Atlantic Yards/Pacific Park FAQ, timeline, and infographics (pinned post)

In 2006, as well, Zimbalist's ($73K) testimony was disallowed in court

Three times in the last year sports economist Andrew Zimbalist’s work has been either discredited in a court case or thrown out of court. Let's add a fourth episode to the list, albeit in 2006, in a court case involving the baseball team in Southern California known as the Angels.

The Orange County Register, in a 1/8/06 article, previewed a case in which the city of Anaheim sued the Angels baseball team, arguing that the change of the team name from “Anaheim Angels” to the “Los Angeles Angels of Anaheim” violated a lease in which the team was compelled to keep “Anaheim'” in the name.

The city contended that the change would cost the city $98 million to $374 million. Meanwhile, the team had the third-highest attendance in Major League Baseball and, while the city was concerned about lowered tourism, bed-tax receipts went up 20 percent over the previous year.

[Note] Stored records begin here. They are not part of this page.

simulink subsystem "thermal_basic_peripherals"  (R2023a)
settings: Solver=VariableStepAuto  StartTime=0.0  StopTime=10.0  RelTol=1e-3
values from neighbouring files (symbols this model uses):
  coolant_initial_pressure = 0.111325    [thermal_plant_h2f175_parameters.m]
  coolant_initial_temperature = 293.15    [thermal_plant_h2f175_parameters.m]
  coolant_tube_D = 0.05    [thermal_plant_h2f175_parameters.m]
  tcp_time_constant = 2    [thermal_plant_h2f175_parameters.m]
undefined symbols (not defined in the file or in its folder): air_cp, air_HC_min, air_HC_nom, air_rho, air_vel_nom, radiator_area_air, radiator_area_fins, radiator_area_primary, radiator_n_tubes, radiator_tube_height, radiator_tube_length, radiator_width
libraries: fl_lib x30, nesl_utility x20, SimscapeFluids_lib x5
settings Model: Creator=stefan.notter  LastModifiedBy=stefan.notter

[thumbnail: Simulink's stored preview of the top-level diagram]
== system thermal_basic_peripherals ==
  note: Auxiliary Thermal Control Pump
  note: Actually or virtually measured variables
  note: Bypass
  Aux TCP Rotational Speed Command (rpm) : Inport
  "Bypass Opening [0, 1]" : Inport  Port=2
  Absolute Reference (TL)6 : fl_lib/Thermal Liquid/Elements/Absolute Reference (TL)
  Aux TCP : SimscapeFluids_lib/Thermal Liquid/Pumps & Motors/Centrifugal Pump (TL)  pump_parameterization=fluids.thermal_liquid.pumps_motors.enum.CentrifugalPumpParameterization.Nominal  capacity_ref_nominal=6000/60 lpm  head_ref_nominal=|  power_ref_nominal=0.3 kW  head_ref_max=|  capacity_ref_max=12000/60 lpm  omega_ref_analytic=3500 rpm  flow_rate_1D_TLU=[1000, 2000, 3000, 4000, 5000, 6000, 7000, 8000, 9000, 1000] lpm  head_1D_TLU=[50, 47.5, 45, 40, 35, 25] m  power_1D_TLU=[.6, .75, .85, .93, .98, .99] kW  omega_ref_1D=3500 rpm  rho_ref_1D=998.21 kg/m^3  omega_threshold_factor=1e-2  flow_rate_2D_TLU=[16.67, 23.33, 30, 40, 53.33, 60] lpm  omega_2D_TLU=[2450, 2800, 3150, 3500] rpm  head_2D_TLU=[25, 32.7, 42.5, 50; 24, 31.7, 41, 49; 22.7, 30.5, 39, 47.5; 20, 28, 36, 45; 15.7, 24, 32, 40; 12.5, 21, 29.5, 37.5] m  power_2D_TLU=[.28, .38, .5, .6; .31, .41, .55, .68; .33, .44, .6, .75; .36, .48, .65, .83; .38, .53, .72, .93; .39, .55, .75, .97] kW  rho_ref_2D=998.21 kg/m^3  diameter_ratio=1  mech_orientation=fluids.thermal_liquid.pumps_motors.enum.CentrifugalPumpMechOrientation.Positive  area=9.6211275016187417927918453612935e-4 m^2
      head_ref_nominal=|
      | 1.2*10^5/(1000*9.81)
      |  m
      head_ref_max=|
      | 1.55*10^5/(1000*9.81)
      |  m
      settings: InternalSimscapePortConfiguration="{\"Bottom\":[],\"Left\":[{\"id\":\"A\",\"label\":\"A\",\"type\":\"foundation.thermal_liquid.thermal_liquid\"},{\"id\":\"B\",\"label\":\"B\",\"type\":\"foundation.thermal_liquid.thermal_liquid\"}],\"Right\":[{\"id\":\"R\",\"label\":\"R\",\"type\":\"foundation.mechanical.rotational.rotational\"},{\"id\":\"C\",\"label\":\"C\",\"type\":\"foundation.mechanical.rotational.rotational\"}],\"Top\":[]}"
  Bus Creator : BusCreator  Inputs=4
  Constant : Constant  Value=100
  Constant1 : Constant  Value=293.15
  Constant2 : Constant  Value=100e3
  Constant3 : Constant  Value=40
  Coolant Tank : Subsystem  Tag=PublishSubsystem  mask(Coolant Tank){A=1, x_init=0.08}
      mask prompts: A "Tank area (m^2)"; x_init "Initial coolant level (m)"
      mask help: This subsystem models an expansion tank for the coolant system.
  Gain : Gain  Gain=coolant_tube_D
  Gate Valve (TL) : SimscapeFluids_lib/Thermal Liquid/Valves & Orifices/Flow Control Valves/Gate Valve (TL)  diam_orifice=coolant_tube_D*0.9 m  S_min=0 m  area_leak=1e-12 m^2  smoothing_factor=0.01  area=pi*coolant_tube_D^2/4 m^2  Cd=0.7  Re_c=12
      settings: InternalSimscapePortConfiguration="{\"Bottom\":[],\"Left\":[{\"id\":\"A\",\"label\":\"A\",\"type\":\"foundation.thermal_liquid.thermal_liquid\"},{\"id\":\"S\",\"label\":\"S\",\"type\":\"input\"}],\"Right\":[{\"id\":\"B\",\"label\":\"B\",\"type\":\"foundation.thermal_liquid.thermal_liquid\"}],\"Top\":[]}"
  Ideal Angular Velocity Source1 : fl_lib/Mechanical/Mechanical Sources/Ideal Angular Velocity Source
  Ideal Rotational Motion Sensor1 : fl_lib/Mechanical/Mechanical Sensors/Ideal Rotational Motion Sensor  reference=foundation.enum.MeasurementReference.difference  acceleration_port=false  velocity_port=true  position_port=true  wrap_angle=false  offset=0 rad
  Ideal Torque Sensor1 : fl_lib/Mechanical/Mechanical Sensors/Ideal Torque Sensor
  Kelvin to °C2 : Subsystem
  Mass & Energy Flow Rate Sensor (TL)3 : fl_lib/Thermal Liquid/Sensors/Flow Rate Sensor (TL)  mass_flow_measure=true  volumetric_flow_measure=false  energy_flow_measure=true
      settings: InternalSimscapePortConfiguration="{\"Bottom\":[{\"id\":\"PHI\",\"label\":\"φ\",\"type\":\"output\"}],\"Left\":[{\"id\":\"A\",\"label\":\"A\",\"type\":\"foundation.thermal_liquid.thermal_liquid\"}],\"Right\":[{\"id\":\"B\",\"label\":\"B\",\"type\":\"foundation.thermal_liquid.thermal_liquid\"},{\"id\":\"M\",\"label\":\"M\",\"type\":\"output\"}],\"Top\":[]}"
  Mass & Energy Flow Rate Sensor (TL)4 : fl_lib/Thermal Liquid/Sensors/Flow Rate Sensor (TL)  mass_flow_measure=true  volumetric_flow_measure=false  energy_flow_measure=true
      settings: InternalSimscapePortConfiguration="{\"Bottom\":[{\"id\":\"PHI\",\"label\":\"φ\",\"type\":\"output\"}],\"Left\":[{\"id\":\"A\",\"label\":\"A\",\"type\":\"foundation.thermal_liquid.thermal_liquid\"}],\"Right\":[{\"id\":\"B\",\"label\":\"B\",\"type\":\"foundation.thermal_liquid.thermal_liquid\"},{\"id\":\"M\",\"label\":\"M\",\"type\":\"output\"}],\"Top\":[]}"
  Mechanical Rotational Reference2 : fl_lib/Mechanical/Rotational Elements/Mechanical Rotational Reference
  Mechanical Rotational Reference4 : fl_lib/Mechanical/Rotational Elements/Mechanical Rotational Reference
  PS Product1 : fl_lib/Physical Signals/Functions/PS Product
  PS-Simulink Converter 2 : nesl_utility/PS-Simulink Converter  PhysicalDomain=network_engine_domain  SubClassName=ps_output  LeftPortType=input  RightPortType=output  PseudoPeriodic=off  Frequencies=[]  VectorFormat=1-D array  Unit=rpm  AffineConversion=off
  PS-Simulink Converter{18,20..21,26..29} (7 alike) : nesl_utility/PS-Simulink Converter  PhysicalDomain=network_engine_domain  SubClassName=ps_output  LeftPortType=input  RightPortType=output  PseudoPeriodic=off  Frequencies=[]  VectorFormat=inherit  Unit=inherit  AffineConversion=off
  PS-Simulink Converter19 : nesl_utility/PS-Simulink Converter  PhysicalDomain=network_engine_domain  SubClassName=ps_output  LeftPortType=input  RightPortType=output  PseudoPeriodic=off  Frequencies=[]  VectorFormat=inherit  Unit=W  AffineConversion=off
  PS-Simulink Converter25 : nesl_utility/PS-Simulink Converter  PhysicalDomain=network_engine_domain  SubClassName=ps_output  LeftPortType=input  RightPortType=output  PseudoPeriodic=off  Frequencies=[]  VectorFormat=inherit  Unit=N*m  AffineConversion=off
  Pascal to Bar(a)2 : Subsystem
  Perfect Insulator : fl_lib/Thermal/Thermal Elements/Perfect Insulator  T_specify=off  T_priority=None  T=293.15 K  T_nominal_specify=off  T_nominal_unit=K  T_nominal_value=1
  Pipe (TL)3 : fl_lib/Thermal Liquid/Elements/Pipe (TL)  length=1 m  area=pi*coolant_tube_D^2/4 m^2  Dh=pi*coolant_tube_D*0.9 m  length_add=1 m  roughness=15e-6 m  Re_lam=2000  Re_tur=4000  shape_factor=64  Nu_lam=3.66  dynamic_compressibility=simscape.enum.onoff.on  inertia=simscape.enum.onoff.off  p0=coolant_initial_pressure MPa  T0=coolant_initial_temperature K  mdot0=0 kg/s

Zimbalist, an expert hired by the city, contended that the effect of advertising must be measured over time. Two sports marketing experts interviewed by the newspaper questioned the city’s argument, however.

Alternative considered

The newspaper reported:
A city witness analyzed how much the stadium property would be worth if the city used it for a different purpose, such as hotels, commercial property or entertainment venues. Zimbalist found that value would be $105 million through 2029, based on 1996 dollars.

Angels' court documents say the damage claim is ``speculative, hypothetical, (and) has no basis in fact or reality,'' mostly because city officials failed to show intent to use the land for anything other than a stadium.


Curiously enough, the opposite happened in Brooklyn. Zimbalist’s deeply-flawed study for Forest City Ratner made no attempt to analyze how much the arena block would be worth if used for a different purpose.

While that may be speculative, Brooklyn is different from Anaheim, and such choice land in New York City couldn’t be ignored.

Zimbalist bounced from case

A 1/26/06 article in the Los Angeles Times explained that Zimbalist would not be allowed to testify, according to the trial judge. The newspaper reported:
In analyzing the effect of the Angels' name change, Zimbalist calculated the city had foregone $138.5 million by signing a long-term lease with the team rather than demolishing the stadium, selling the land and reaping taxes from property development.

But that analysis does not offer "the proper measure of damages" in a breach-of-contract case, Orange County Superior Court Judge Peter Polos ruled. If the Angels have broken their lease by adding "Los Angeles" to their name and dropping "Anaheim" from use, he said, the damages should reflect the value of the actual benefits lost by the city.


Polos did allow two other experts hired by the city to testify on the loss of the Anaheim name.

The city of Anaheim lost the case.

What it cost

A 2/11/06 Orange County Register article reported that the city spent $2.5 million on the case, including some $169,000 for three expert witnesses.

That included $73,276.60 for Zimbalist, even though he didn’t get to testify.